EXERCISE REQUIREMENTS:
An exact transcription of every record is needed, leaving out the pictures.

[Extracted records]
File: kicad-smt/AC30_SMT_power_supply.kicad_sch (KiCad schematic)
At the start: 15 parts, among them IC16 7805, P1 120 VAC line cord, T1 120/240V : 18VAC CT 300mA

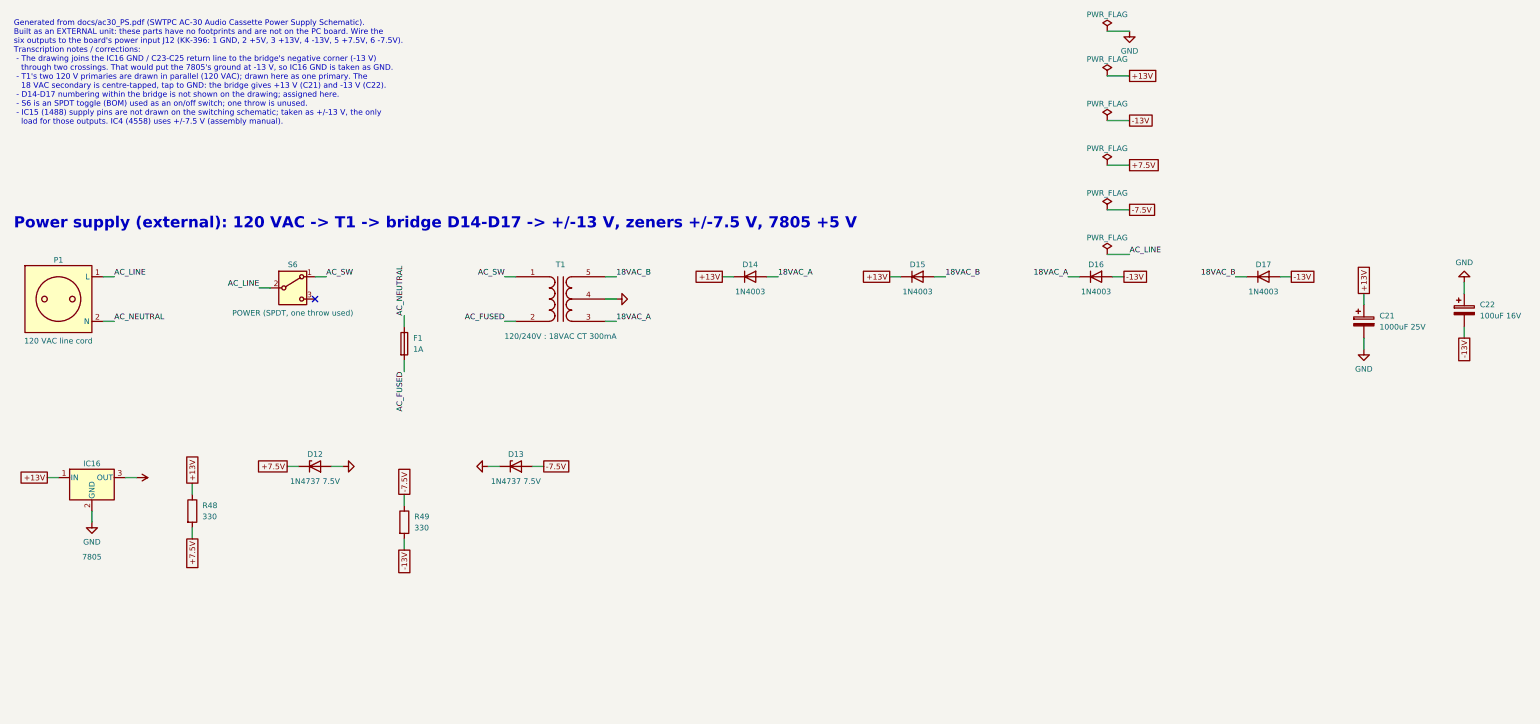
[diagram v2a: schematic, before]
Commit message: Wired, human-readable schematics with PDF and PNG images
gen.py now lays out each functional group on its own and draws its nets
as real wires (new tools/schroute.py: orthogonal grid router that never
ends, bends or overlaps on another net's wire); every routed net keeps
one label with its name, labels join nets between blocks and sheets, and
unroutable connections fall back to label pairs (17). The front-panel
jumper pads share the front-panel block. Custom 1488/1489 output pins
moved onto the 2.54 mm grid.

build.sh exports schematic/<project>.pdf and, via tools/schimg.py, PNGs
of every sheet and functional block for both boards.

Connectivity unchanged (pin-to-net maps identical for both variants);
ERC 0; both PCBs DRC/parity clean and unchanged. Docs updated.

Co-Authored-By: Claude Opus 5.5 <noreply@anthropic.com>
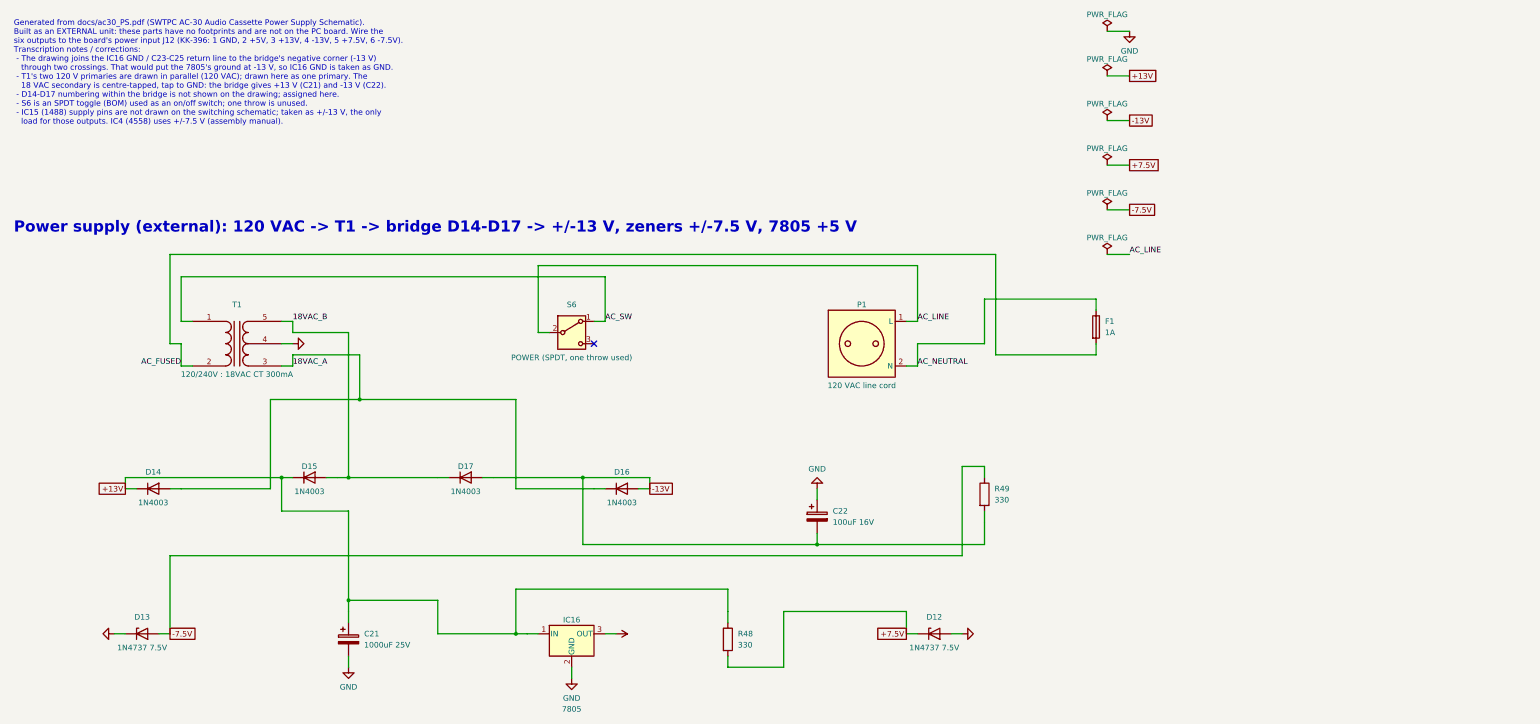
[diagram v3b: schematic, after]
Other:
- moved on the sheet: C21, C22, D12, D13, D14, D15, D16, D17, F1, IC16, P1, R48

REPLY:
File: kicad-smt/AC30_SMT_power_supply.kicad_sch (KiCad schematic)
At the start: 15 parts, among them IC16 7805, P1 120 VAC line cord, T1 120/240V : 18VAC CT 300mA

[diagram v2a: schematic, before]
Commit message: Wired, human-readable schematics with PDF and PNG images
gen.py now lays out each functional group on its own and draws its nets
as real wires (new tools/schroute.py: orthogonal grid router that never
ends, bends or overlaps on another net's wire); every routed net keeps
one label with its name, labels join nets between blocks and sheets, and
unroutable connections fall back to label pairs (17). The front-panel
jumper pads share the front-panel block. Custom 1488/1489 output pins
moved onto the 2.54 mm grid.

build.sh exports schematic/<project>.pdf and, via tools/schimg.py, PNGs
of every sheet and functional block for both boards.

Connectivity unchanged (pin-to-net maps identical for both variants);
ERC 0; both PCBs DRC/parity clean and unchanged. Docs updated.

Co-Authored-By: Claude Opus 5.5 <noreply@anthropic.com>
[diagram v3b: schematic, after]
Other:
- moved on the sheet: C21, C22, D12, D13, D14, D15, D16, D17, F1, IC16, P1, R48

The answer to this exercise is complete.